All my appreciation in advance,
Jeff


----------



## Jeff_H (Feb 26, 2000)

*best "performance" cruiser ~100K*

There is a Farr 38 for sale up in British Columbia. The boat need a fair amount of cosmetics but by the time you got finished putting her in shape you''d have something like $60K in her and you''d have a really super boat for where you are sailing. The boat is listed on Yachtworld. I saw her in Annapolis before she left for the West Coast. She seemed to be a good sound boat that cosmetically could use a bit of help.

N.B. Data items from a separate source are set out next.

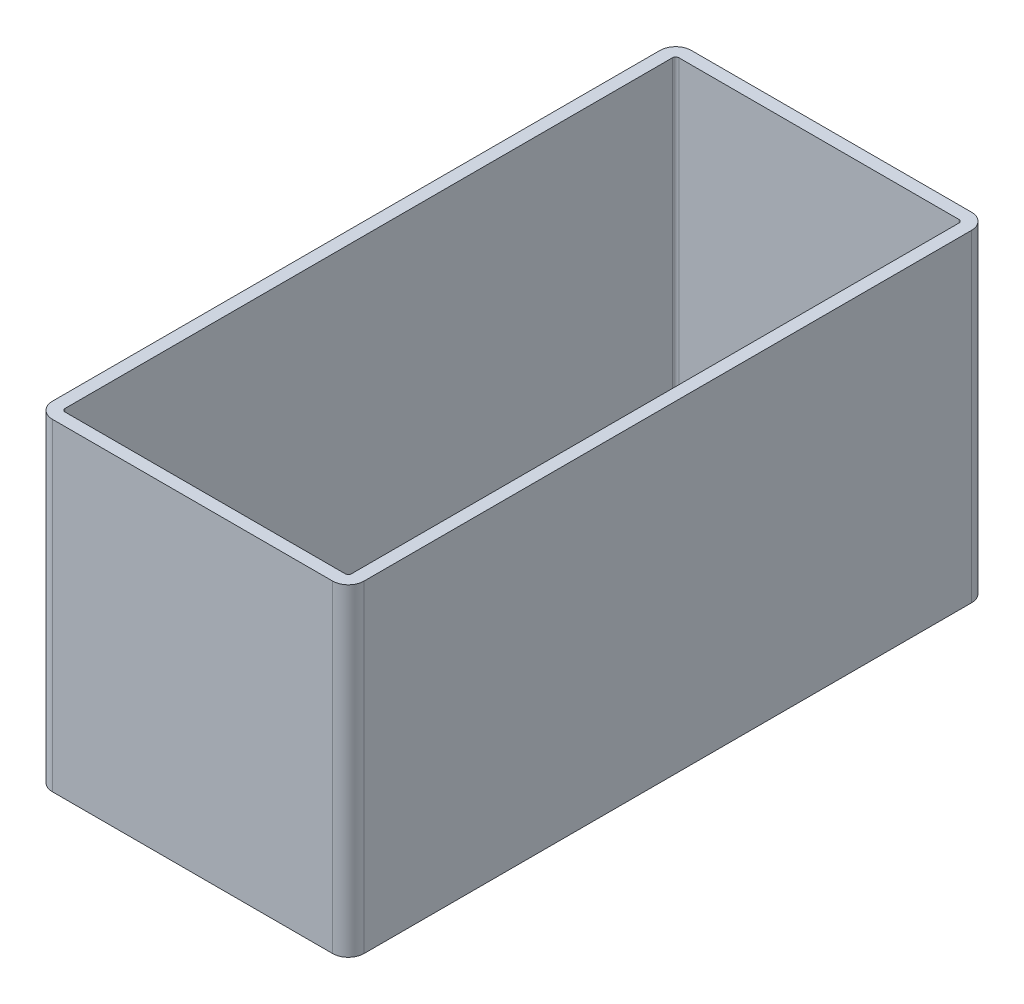
ISO-10303-21;
HEADER;
FILE_DESCRIPTION(('STEP AP214'),'2;1');
FILE_NAME('part.step','',(''),(''),'','','');
FILE_SCHEMA(('AUTOMOTIVE_DESIGN { 1 0 10303 214 1 1 1 1 }'));
ENDSEC;
DATA;
#1=APPLICATION_CONTEXT('core data for automotive mechanical design processes');
#2=APPLICATION_PROTOCOL_DEFINITION('international standard','automotive_design',2000,#1);
#3=PRODUCT_CONTEXT('',#1,'mechanical');
#4=PRODUCT('Part','Part','',(#3));
#5=PRODUCT_RELATED_PRODUCT_CATEGORY('part','',(#4));
#6=PRODUCT_DEFINITION_FORMATION('','',#4);
#7=PRODUCT_DEFINITION_CONTEXT('part definition',#1,'design');
#8=PRODUCT_DEFINITION('design','',#6,#7);
#9=PRODUCT_DEFINITION_SHAPE('','',#8);
#10=(LENGTH_UNIT() NAMED_UNIT(*) SI_UNIT(.MILLI.,.METRE.));
#11=(NAMED_UNIT(*) PLANE_ANGLE_UNIT() SI_UNIT($,.RADIAN.));
#12=(NAMED_UNIT(*) SI_UNIT($,.STERADIAN.) SOLID_ANGLE_UNIT());
#13=UNCERTAINTY_MEASURE_WITH_UNIT(LENGTH_MEASURE(1.E-05),#10,'distance_accuracy_value','');
#14=(GEOMETRIC_REPRESENTATION_CONTEXT(3) GLOBAL_UNCERTAINTY_ASSIGNED_CONTEXT((#13)) GLOBAL_UNIT_ASSIGNED_CONTEXT((#10,
#11,#12)) REPRESENTATION_CONTEXT('',''));
#15=CARTESIAN_POINT('',(0.,0.,0.));
#16=DIRECTION('',(0.,0.,1.));
#17=DIRECTION('',(1.,0.,0.));
#18=AXIS2_PLACEMENT_3D('',#15,#16,#17);
#19=CARTESIAN_POINT('',(9.9,10.25,-20.3));
#20=DIRECTION('',(-1.,0.,0.));
#21=DIRECTION('',(0.,0.,1.));
#22=AXIS2_PLACEMENT_3D('',#19,#20,#21);
#23=PLANE('',#22);
#24=DIRECTION('',(0.,0.,-1.));
#25=VECTOR('',#24,1.);
#26=CARTESIAN_POINT('',(9.9,-10.25,-20.3));
#27=LINE('',#26,#25);
#28=CARTESIAN_POINT('',(9.9,-10.25,19.3));
#29=VERTEX_POINT('',#28);
#30=CARTESIAN_POINT('',(9.9,-10.25,-19.3));
#31=VERTEX_POINT('',#30);
#32=EDGE_CURVE('E202',#29,#31,#27,.T.);
#33=ORIENTED_EDGE('',*,*,#32,.T.);
#34=DIRECTION('',(0.,-1.,0.));
#35=VECTOR('',#34,1.);
#36=CARTESIAN_POINT('',(9.9,10.25,-19.3));
#37=LINE('',#36,#35);
#38=CARTESIAN_POINT('',(9.9,10.25,-19.3));
#39=VERTEX_POINT('',#38);
#40=EDGE_CURVE('E266',#31,#39,#37,.F.);
#41=ORIENTED_EDGE('',*,*,#40,.T.);
#42=DIRECTION('',(0.,0.,-1.));
#43=VECTOR('',#42,1.);
#44=CARTESIAN_POINT('',(9.9,10.25,-20.3));
#45=LINE('',#44,#43);
#46=CARTESIAN_POINT('',(9.9,10.25,19.3));
#47=VERTEX_POINT('',#46);
#48=EDGE_CURVE('E214',#47,#39,#45,.T.);
#49=ORIENTED_EDGE('',*,*,#48,.F.);
#50=DIRECTION('',(0.,-1.,0.));
#51=VECTOR('',#50,1.);
#52=CARTESIAN_POINT('',(9.9,10.25,19.3));
#53=LINE('',#52,#51);
#54=EDGE_CURVE('E263',#47,#29,#53,.T.);
#55=ORIENTED_EDGE('',*,*,#54,.T.);
#56=EDGE_LOOP('',(#33,#41,#49,#55));
#57=FACE_BOUND('',#56,.T.);
#58=ADVANCED_FACE('F33',(#57),#23,.F.);
#59=CARTESIAN_POINT('',(-9.9,10.25,-20.3));
#60=DIRECTION('',(0.,0.,1.));
#61=DIRECTION('',(1.,0.,0.));
#62=AXIS2_PLACEMENT_3D('',#59,#60,#61);
#63=PLANE('',#62);
#64=DIRECTION('',(-1.,0.,0.));
#65=VECTOR('',#64,1.);
#66=CARTESIAN_POINT('',(-9.9,-10.25,-20.3));
#67=LINE('',#66,#65);
#68=CARTESIAN_POINT('',(8.89999999999999,-10.25,-20.3));
#69=VERTEX_POINT('',#68);
#70=CARTESIAN_POINT('',(-8.9,-10.25,-20.3));
#71=VERTEX_POINT('',#70);
#72=EDGE_CURVE('E230',#69,#71,#67,.T.);
#73=ORIENTED_EDGE('',*,*,#72,.T.);
#74=DIRECTION('',(0.,-1.,0.));
#75=VECTOR('',#74,1.);
#76=CARTESIAN_POINT('',(-8.9,10.25,-20.3));
#77=LINE('',#76,#75);
#78=CARTESIAN_POINT('',(-8.9,10.25,-20.3));
#79=VERTEX_POINT('',#78);
#80=EDGE_CURVE('E253',#71,#79,#77,.F.);
#81=ORIENTED_EDGE('',*,*,#80,.T.);
#82=DIRECTION('',(-1.,0.,0.));
#83=VECTOR('',#82,1.);
#84=CARTESIAN_POINT('',(-9.9,10.25,-20.3));
#85=LINE('',#84,#83);
#86=CARTESIAN_POINT('',(8.89999999999999,10.25,-20.3));
#87=VERTEX_POINT('',#86);
#88=EDGE_CURVE('E217',#87,#79,#85,.T.);
#89=ORIENTED_EDGE('',*,*,#88,.F.);
#90=DIRECTION('',(0.,-1.,0.));
#91=VECTOR('',#90,1.);
#92=CARTESIAN_POINT('',(8.9,10.25,-20.3));
#93=LINE('',#92,#91);
#94=EDGE_CURVE('E250',#87,#69,#93,.T.);
#95=ORIENTED_EDGE('',*,*,#94,.T.);
#96=EDGE_LOOP('',(#73,#81,#89,#95));
#97=FACE_BOUND('',#96,.T.);
#98=ADVANCED_FACE('F294',(#97),#63,.F.);
#99=CARTESIAN_POINT('',(-9.9,10.25,-20.3));
#100=DIRECTION('',(1.,0.,0.));
#101=DIRECTION('',(0.,0.,-1.));
#102=AXIS2_PLACEMENT_3D('',#99,#100,#101);
#103=PLANE('',#102);
#104=DIRECTION('',(0.,0.,1.));
#105=VECTOR('',#104,1.);
#106=CARTESIAN_POINT('',(-9.9,10.25,-20.3));
#107=LINE('',#106,#105);
#108=CARTESIAN_POINT('',(-9.9,10.25,-19.3));
#109=VERTEX_POINT('',#108);
#110=CARTESIAN_POINT('',(-9.9,10.25,19.3));
#111=VERTEX_POINT('',#110);
#112=EDGE_CURVE('E221',#109,#111,#107,.T.);
#113=ORIENTED_EDGE('',*,*,#112,.F.);
#114=DIRECTION('',(0.,-1.,0.));
#115=VECTOR('',#114,1.);
#116=CARTESIAN_POINT('',(-9.9,10.25,-19.3));
#117=LINE('',#116,#115);
#118=CARTESIAN_POINT('',(-9.9,-10.25,-19.3));
#119=VERTEX_POINT('',#118);
#120=EDGE_CURVE('E239',#109,#119,#117,.T.);
#121=ORIENTED_EDGE('',*,*,#120,.T.);
#122=DIRECTION('',(0.,0.,1.));
#123=VECTOR('',#122,1.);
#124=CARTESIAN_POINT('',(-9.9,-10.25,-20.3));
#125=LINE('',#124,#123);
#126=CARTESIAN_POINT('',(-9.9,-10.25,19.3));
#127=VERTEX_POINT('',#126);
#128=EDGE_CURVE('E233',#119,#127,#125,.T.);
#129=ORIENTED_EDGE('',*,*,#128,.T.);
#130=DIRECTION('',(0.,-1.,0.));
#131=VECTOR('',#130,1.);
#132=CARTESIAN_POINT('',(-9.9,10.25,19.3));
#133=LINE('',#132,#131);
#134=EDGE_CURVE('E227',#127,#111,#133,.F.);
#135=ORIENTED_EDGE('',*,*,#134,.T.);
#136=EDGE_LOOP('',(#113,#121,#129,#135));
#137=FACE_BOUND('',#136,.T.);
#138=ADVANCED_FACE('F302',(#137),#103,.F.);
#139=CARTESIAN_POINT('',(-9.9,10.25,20.3));
#140=DIRECTION('',(0.,0.,-1.));
#141=DIRECTION('',(-1.,0.,0.));
#142=AXIS2_PLACEMENT_3D('',#139,#140,#141);
#143=PLANE('',#142);
#144=DIRECTION('',(1.,0.,0.));
#145=VECTOR('',#144,1.);
#146=CARTESIAN_POINT('',(-9.9,-10.25,20.3));
#147=LINE('',#146,#145);
#148=CARTESIAN_POINT('',(-8.9,-10.25,20.3));
#149=VERTEX_POINT('',#148);
#150=CARTESIAN_POINT('',(8.9,-10.25,20.3));
#151=VERTEX_POINT('',#150);
#152=EDGE_CURVE('E218',#149,#151,#147,.T.);
#153=ORIENTED_EDGE('',*,*,#152,.T.);
#154=DIRECTION('',(0.,-1.,0.));
#155=VECTOR('',#154,1.);
#156=CARTESIAN_POINT('',(8.9,10.25,20.3));
#157=LINE('',#156,#155);
#158=CARTESIAN_POINT('',(8.9,10.25,20.3));
#159=VERTEX_POINT('',#158);
#160=EDGE_CURVE('E11',#151,#159,#157,.F.);
#161=ORIENTED_EDGE('',*,*,#160,.T.);
#162=DIRECTION('',(1.,0.,0.));
#163=VECTOR('',#162,1.);
#164=CARTESIAN_POINT('',(-9.9,10.25,20.3));
#165=LINE('',#164,#163);
#166=CARTESIAN_POINT('',(-8.9,10.25,20.3));
#167=VERTEX_POINT('',#166);
#168=EDGE_CURVE('E224',#167,#159,#165,.T.);
#169=ORIENTED_EDGE('',*,*,#168,.F.);
#170=DIRECTION('',(0.,-1.,0.));
#171=VECTOR('',#170,1.);
#172=CARTESIAN_POINT('',(-8.9,10.25,20.3));
#173=LINE('',#172,#171);
#174=EDGE_CURVE('E41',#167,#149,#173,.T.);
#175=ORIENTED_EDGE('',*,*,#174,.T.);
#176=EDGE_LOOP('',(#153,#161,#169,#175));
#177=FACE_BOUND('',#176,.T.);
#178=ADVANCED_FACE('F272',(#177),#143,.F.);
#179=CARTESIAN_POINT('',(0.,10.25,0.));
#180=DIRECTION('',(0.,1.,0.));
#181=DIRECTION('',(0.,0.,1.));
#182=AXIS2_PLACEMENT_3D('',#179,#180,#181);
#183=PLANE('',#182);
#184=CARTESIAN_POINT('',(8.9,10.25,-19.3));
#185=DIRECTION('',(0.,1.,0.));
#186=DIRECTION('',(0.,0.,1.));
#187=AXIS2_PLACEMENT_3D('',#184,#185,#186);
#188=CIRCLE('',#187,0.200000000000003);
#189=CARTESIAN_POINT('',(9.1,10.25,-19.3));
#190=VERTEX_POINT('',#189);
#191=CARTESIAN_POINT('',(8.89999999999999,10.25,-19.5));
#192=VERTEX_POINT('',#191);
#193=EDGE_CURVE('E48',#190,#192,#188,.T.);
#194=ORIENTED_EDGE('',*,*,#193,.F.);
#195=DIRECTION('',(0.,0.,-1.));
#196=VECTOR('',#195,1.);
#197=CARTESIAN_POINT('',(9.1,10.25,19.3));
#198=LINE('',#197,#196);
#199=CARTESIAN_POINT('',(9.1,10.25,19.3));
#200=VERTEX_POINT('',#199);
#201=EDGE_CURVE('E164',#200,#190,#198,.T.);
#202=ORIENTED_EDGE('',*,*,#201,.F.);
#203=CARTESIAN_POINT('',(8.9,10.25,19.3));
#204=DIRECTION('',(0.,1.,0.));
#205=DIRECTION('',(0.,0.,1.));
#206=AXIS2_PLACEMENT_3D('',#203,#204,#205);
#207=CIRCLE('',#206,0.200000000000001);
#208=CARTESIAN_POINT('',(8.9,10.25,19.5));
#209=VERTEX_POINT('',#208);
#210=EDGE_CURVE('E167',#209,#200,#207,.T.);
#211=ORIENTED_EDGE('',*,*,#210,.F.);
#212=DIRECTION('',(1.,0.,0.));
#213=VECTOR('',#212,1.);
#214=CARTESIAN_POINT('',(-8.9,10.25,19.5));
#215=LINE('',#214,#213);
#216=CARTESIAN_POINT('',(-8.9,10.25,19.5));
#217=VERTEX_POINT('',#216);
#218=EDGE_CURVE('E195',#217,#209,#215,.T.);
#219=ORIENTED_EDGE('',*,*,#218,.F.);
#220=CARTESIAN_POINT('',(-8.9,10.25,19.3));
#221=DIRECTION('',(0.,1.,0.));
#222=DIRECTION('',(0.,0.,1.));
#223=AXIS2_PLACEMENT_3D('',#220,#221,#222);
#224=CIRCLE('',#223,0.200000000000005);
#225=CARTESIAN_POINT('',(-9.1,10.25,19.3));
#226=VERTEX_POINT('',#225);
#227=EDGE_CURVE('E192',#226,#217,#224,.T.);
#228=ORIENTED_EDGE('',*,*,#227,.F.);
#229=DIRECTION('',(0.,0.,1.));
#230=VECTOR('',#229,1.);
#231=CARTESIAN_POINT('',(-9.1,10.25,-19.3));
#232=LINE('',#231,#230);
#233=CARTESIAN_POINT('',(-9.1,10.25,-19.3));
#234=VERTEX_POINT('',#233);
#235=EDGE_CURVE('E189',#234,#226,#232,.T.);
#236=ORIENTED_EDGE('',*,*,#235,.F.);
#237=CARTESIAN_POINT('',(-8.9,10.25,-19.3));
#238=DIRECTION('',(0.,1.,0.));
#239=DIRECTION('',(0.,0.,1.));
#240=AXIS2_PLACEMENT_3D('',#237,#238,#239);
#241=CIRCLE('',#240,0.200000000000001);
#242=CARTESIAN_POINT('',(-8.9,10.25,-19.5));
#243=VERTEX_POINT('',#242);
#244=EDGE_CURVE('E186',#243,#234,#241,.T.);
#245=ORIENTED_EDGE('',*,*,#244,.F.);
#246=DIRECTION('',(-1.,0.,0.));
#247=VECTOR('',#246,1.);
#248=CARTESIAN_POINT('',(8.89999999999999,10.25,-19.5));
#249=LINE('',#248,#247);
#250=EDGE_CURVE('E184',#192,#243,#249,.T.);
#251=ORIENTED_EDGE('',*,*,#250,.F.);
#252=EDGE_LOOP('',(#194,#202,#211,#219,#228,#236,#245,#251));
#253=FACE_BOUND('',#252,.T.);
#254=ORIENTED_EDGE('',*,*,#88,.T.);
#255=CARTESIAN_POINT('',(-8.9,10.25,-19.3));
#256=DIRECTION('',(0.,1.,0.));
#257=DIRECTION('',(0.,0.,1.));
#258=AXIS2_PLACEMENT_3D('',#255,#256,#257);
#259=CIRCLE('',#258,1.);
#260=EDGE_CURVE('E261',#79,#109,#259,.T.);
#261=ORIENTED_EDGE('',*,*,#260,.T.);
#262=ORIENTED_EDGE('',*,*,#112,.T.);
#263=CARTESIAN_POINT('',(-8.9,10.25,19.3));
#264=DIRECTION('',(0.,1.,0.));
#265=DIRECTION('',(0.,0.,1.));
#266=AXIS2_PLACEMENT_3D('',#263,#264,#265);
#267=CIRCLE('',#266,1.);
#268=EDGE_CURVE('E255',#111,#167,#267,.T.);
#269=ORIENTED_EDGE('',*,*,#268,.T.);
#270=ORIENTED_EDGE('',*,*,#168,.T.);
#271=CARTESIAN_POINT('',(8.9,10.25,19.3));
#272=DIRECTION('',(0.,1.,0.));
#273=DIRECTION('',(0.,0.,1.));
#274=AXIS2_PLACEMENT_3D('',#271,#272,#273);
#275=CIRCLE('',#274,1.);
#276=EDGE_CURVE('E257',#159,#47,#275,.T.);
#277=ORIENTED_EDGE('',*,*,#276,.T.);
#278=ORIENTED_EDGE('',*,*,#48,.T.);
#279=CARTESIAN_POINT('',(8.9,10.25,-19.3));
#280=DIRECTION('',(0.,1.,0.));
#281=DIRECTION('',(0.,0.,1.));
#282=AXIS2_PLACEMENT_3D('',#279,#280,#281);
#283=CIRCLE('',#282,1.);
#284=EDGE_CURVE('E259',#39,#87,#283,.T.);
#285=ORIENTED_EDGE('',*,*,#284,.T.);
#286=EDGE_LOOP('',(#254,#261,#262,#269,#270,#277,#278,#285));
#287=FACE_BOUND('',#286,.T.);
#288=ADVANCED_FACE('F287',(#253,#287),#183,.T.);
#289=CARTESIAN_POINT('',(0.,-10.25,0.));
#290=DIRECTION('',(0.,1.,0.));
#291=DIRECTION('',(0.,0.,1.));
#292=AXIS2_PLACEMENT_3D('',#289,#290,#291);
#293=PLANE('',#292);
#294=DIRECTION('',(0.,0.,-1.));
#295=VECTOR('',#294,1.);
#296=CARTESIAN_POINT('',(9.1,-10.25,19.3));
#297=LINE('',#296,#295);
#298=CARTESIAN_POINT('',(9.1,-10.25,19.3));
#299=VERTEX_POINT('',#298);
#300=CARTESIAN_POINT('',(9.1,-10.25,-19.3));
#301=VERTEX_POINT('',#300);
#302=EDGE_CURVE('E153',#299,#301,#297,.T.);
#303=ORIENTED_EDGE('',*,*,#302,.T.);
#304=CARTESIAN_POINT('',(8.9,-10.25,-19.3));
#305=DIRECTION('',(0.,1.,0.));
#306=DIRECTION('',(0.,0.,1.));
#307=AXIS2_PLACEMENT_3D('',#304,#305,#306);
#308=CIRCLE('',#307,0.200000000000003);
#309=CARTESIAN_POINT('',(8.89999999999999,-10.25,-19.5));
#310=VERTEX_POINT('',#309);
#311=EDGE_CURVE('E147',#301,#310,#308,.T.);
#312=ORIENTED_EDGE('',*,*,#311,.T.);
#313=DIRECTION('',(-1.,0.,0.));
#314=VECTOR('',#313,1.);
#315=CARTESIAN_POINT('',(8.89999999999999,-10.25,-19.5));
#316=LINE('',#315,#314);
#317=CARTESIAN_POINT('',(-8.9,-10.25,-19.5));
#318=VERTEX_POINT('',#317);
#319=EDGE_CURVE('E156',#310,#318,#316,.T.);
#320=ORIENTED_EDGE('',*,*,#319,.T.);
#321=CARTESIAN_POINT('',(-8.9,-10.25,-19.3));
#322=DIRECTION('',(0.,1.,0.));
#323=DIRECTION('',(0.,0.,1.));
#324=AXIS2_PLACEMENT_3D('',#321,#322,#323);
#325=CIRCLE('',#324,0.200000000000001);
#326=CARTESIAN_POINT('',(-9.1,-10.25,-19.3));
#327=VERTEX_POINT('',#326);
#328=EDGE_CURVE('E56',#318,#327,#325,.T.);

Other good choices for your sailing venue are: 
-Beneteau First 36s7 or 35.7.
These are good racer cruisers, They offer good light air performance and seem to sail to thier rating in the kind of 10 knot stuff that is common in San Diego. Really nice interior.

Contessa 33
Very proper yachts. They are not great light air boats but they can be competitive in light air with a good crew. Warwhoop, one of the Contessa 33''s that I sailed on here in Annapolis was shipped to San Diego.

-Dehler 34
Nice layout, well built, reasonable performance, should be easy to short hand.

-Dehler 36 (DB and CWS)
This is the previous generation 36. These are really well built and nicely rounded boats.

-Express 37 (Alsberg)
These are really ideal boats for the kind of thing that you want to do. There were two interior layouts. You want the later layout which had two separate aft sleeping areas. You should be able to find a clean 37 for well under $90K.

Express 34 (Alsberg)
Neat boats. Typically in the mid $50K range. Not extremely common.

-Frers 36
Good all around performance. Not great light air boats but reasonable. There are a variety of interiors on these boats and some are quite comfortable. Some are stripped out racers. Similar versions of these boats were built by Hinterhoeller (F3) and Carroll Marine.

J-34C and J-35C
These were intended as cruising boats and have nice accomodations and reasonable performance. They are not inexpensive at typically a little less than $90K.

-J35 & J36
J-35''s are good one design boats and still do well under PHRF. They require big crews to race well but can be cruised with a blade and a small crew. The cockpits are not very comfortable. There were a variety of interiors and deck plans. While headroom is a little short, the more cruising equipped versions are actually pretty nice layouts. The J-36s are heavier and slower but easier to handle.

-Mumm 36 
These were first generation IMS race boats. They offer a lot of performance, especially in light air but they are also full race boats and perhaps are too much lacking in accomodations. They also require more skill to sail than the rest of this list.

Soverel 33
These are good all around boats. They were not the best built boats in the world but the later Tartan built boats offered a better interior layout for cruising. The earlier Olsen built boats offered better construction. They can be bought way below your budget and do great under PHRF.

-Tripp 36
These are also first generation IMS race boats. They also offer a lot of performance, especially in light air and they offer a bit more accomodations than the Mumm.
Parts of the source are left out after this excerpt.